Last week Rand Paul unveiled his plan for the “Fair and Flat Tax.” That makes him the latest – but certainly not the last – presidential candidate to embrace the rhetoric of flatness. If recent experience is any guide, it won’t be an easy sell. Just ask Steve Forbes, Newt Gingrich, Rick Perry, or any of the other failed candidates who put flat taxes at the center of their campaigns.
A long view of history, however, suggests that flat taxes may have some legs. The United States has been using graduated rates for the federal income tax since 1913, but there’s precedent for flat rate levies, too.
Congress has twice enacted single-rate taxes on income, the first in 1861 and again in 1894. Both disappeared before they were collected. But the debate surrounding their adoption -- as well as the discussion in 1913 -- reveals ample support for proportional, rather than progressive, taxation.
When it comes to taxes, "flat" is one of those words that often elicits favorable poll responses. Last year Reason.com reported that 62 percent of Americans endorsed the idea of a flat rate tax on income. Similarly, Rasmussen Reports found that 58 percent of respondents favored a flat income tax in 2011.
Other polls have been less encouraging. In 2011 The Hill found that only 35 percent of respondents supported a single-rate tax. Another 2011 survey found similar results. “Flat tax proponents face an uphill battle,” observed David Brady and Tammy Frisby in a Wall Street Journal op-ed. “Americans in general opposed the flat tax proposal 39% to 28%.”
If the polls are confusing, it’s probably because the flat tax is confusing, too. There is no single definition of a flat tax. Politicians have used the term to describe a wide range of plans with little resemblance to each other. Some flat taxes are imposed on income, others on consumption. Some are flat in the sense that they wipe out all deductions, credits, exclusions, and similar tax preferences. Others – including Paul’s – retain some popular (and costly) deductions, like those for mortgage interest and charitable giving.
A single rate would seem crucial for any tax claimed to be flat. But some flat taxes have featured graduated rates. Anyone remember the Fair Flat Tax Act of 2007? Don’t let the name fool you; it was introduced not by Paul but by Democratic Sen. Ron Wyden of Oregon. Wyden, who now serves as ranking minority member of the Senate Finance Committee, made room in his outline for a series of graduated rates as well as some popular deductions.

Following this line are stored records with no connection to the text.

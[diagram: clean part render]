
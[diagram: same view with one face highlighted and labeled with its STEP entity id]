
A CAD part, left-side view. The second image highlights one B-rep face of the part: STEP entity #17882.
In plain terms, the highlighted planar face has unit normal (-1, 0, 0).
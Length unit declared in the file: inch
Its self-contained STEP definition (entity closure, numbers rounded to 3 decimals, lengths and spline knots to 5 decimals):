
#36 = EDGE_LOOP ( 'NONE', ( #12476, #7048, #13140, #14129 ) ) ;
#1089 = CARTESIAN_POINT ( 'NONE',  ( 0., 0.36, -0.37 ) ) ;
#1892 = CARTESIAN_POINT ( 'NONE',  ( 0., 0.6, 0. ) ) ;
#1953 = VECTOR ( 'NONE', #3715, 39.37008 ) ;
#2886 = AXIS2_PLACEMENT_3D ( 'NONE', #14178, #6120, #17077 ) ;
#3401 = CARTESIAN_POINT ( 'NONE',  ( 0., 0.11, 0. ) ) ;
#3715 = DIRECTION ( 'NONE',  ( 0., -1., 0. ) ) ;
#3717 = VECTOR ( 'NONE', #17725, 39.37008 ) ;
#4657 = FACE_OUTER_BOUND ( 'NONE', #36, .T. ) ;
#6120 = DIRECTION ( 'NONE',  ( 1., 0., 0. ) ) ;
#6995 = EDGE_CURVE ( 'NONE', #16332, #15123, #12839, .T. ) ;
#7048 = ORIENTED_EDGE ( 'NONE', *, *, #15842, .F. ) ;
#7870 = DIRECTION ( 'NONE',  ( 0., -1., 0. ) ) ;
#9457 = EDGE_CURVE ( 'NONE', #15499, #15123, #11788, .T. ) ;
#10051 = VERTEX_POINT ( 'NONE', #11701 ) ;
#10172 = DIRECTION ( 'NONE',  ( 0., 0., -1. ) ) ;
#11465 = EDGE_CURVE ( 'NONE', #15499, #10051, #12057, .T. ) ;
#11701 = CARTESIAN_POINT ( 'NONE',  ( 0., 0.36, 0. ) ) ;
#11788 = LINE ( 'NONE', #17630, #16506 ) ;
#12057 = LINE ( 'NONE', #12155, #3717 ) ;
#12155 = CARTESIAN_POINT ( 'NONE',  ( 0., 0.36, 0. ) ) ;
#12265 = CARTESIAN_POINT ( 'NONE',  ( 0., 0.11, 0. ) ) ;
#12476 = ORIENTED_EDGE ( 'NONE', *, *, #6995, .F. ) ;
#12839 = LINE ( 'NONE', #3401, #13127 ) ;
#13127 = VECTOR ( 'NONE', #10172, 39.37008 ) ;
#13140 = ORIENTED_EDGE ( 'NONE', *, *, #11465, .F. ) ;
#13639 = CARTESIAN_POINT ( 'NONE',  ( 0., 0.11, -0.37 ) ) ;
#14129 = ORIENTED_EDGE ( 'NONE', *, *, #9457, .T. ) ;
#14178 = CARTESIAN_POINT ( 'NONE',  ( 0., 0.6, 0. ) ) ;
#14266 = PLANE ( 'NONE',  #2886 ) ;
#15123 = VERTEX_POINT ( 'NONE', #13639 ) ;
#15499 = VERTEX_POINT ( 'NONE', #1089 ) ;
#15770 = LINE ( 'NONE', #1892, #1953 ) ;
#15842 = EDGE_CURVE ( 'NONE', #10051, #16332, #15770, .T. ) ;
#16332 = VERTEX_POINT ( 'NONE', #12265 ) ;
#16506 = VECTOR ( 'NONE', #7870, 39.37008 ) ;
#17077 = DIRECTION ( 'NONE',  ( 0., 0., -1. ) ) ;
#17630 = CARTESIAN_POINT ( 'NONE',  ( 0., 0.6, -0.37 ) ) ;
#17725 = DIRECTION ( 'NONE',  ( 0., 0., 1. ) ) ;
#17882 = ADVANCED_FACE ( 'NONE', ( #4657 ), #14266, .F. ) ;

However, almost every flat tax is rooted in arguments for less graduation in the rate structure. Even Wyden’s plan would have slashed the number of brackets from six to three.
The hostility to graduation can seem nonsensical. After all, we’ve had a progressive rate structure for more than a century; it’s obviously crucial to the tax system.
Or maybe not.
The 1913 income tax was not flat. It featured graduated rates ranging as high as 7 percent. But progressive rates were peripheral in arguments for adopting the tax. Supporters wanted to use the income tax to counterbalance regressive consumption taxes, especially the tariff. In general, they believed that even a flat rate tax would do the job.
“Graduated rates were not seen as essential to achieve the goals of an income tax,” explained legal historian Steven Bank in a 1996 article on the origins of the flat tax. “The progressive rates were a response to the perception that the tariff was burdening the poor, in the form of higher prices, with more than their fair share of taxes.” The thinking was that when levied with the tariff, the income tax would produce a relatively flat overall tax burden, he said. “Thus, consistent with the country's tradition, the income tax in the Act of 1913 was used to achieve the goal of a flat or proportionate rate tax system,” Bank wrote.
Of course, rates increased rapidly after 1913. Just four years later, income in the top bracket was taxed at 77 percent. But for the most part, the income tax was viewed as a compensatory tax, designed to balance other, more regressive levies. In 1913 the tariff needed a counterweight. Today, it's payroll taxes.
Over the years, some left-leaning politicians have suggested using the income tax as a way to redistribute wealth or income. Franklin Roosevelt comes to mind. But more moderate (and numerous) politicians have defended the income tax as a way to redistribute the tax burden, with the ultimate goal being something close to proportionality.
Which brings us back to Paul’s Fair Flat Tax. It’s certainly radical and a sharp break with the recent past. As my colleague David Brunori has pointed out, it would reshape not just the tax system, but government as a whole, by starving the federal government of revenue.
But radical doesn't mean implausible. Since proportionality lies at the heart of Paul's plan, history suggests it might have a shot.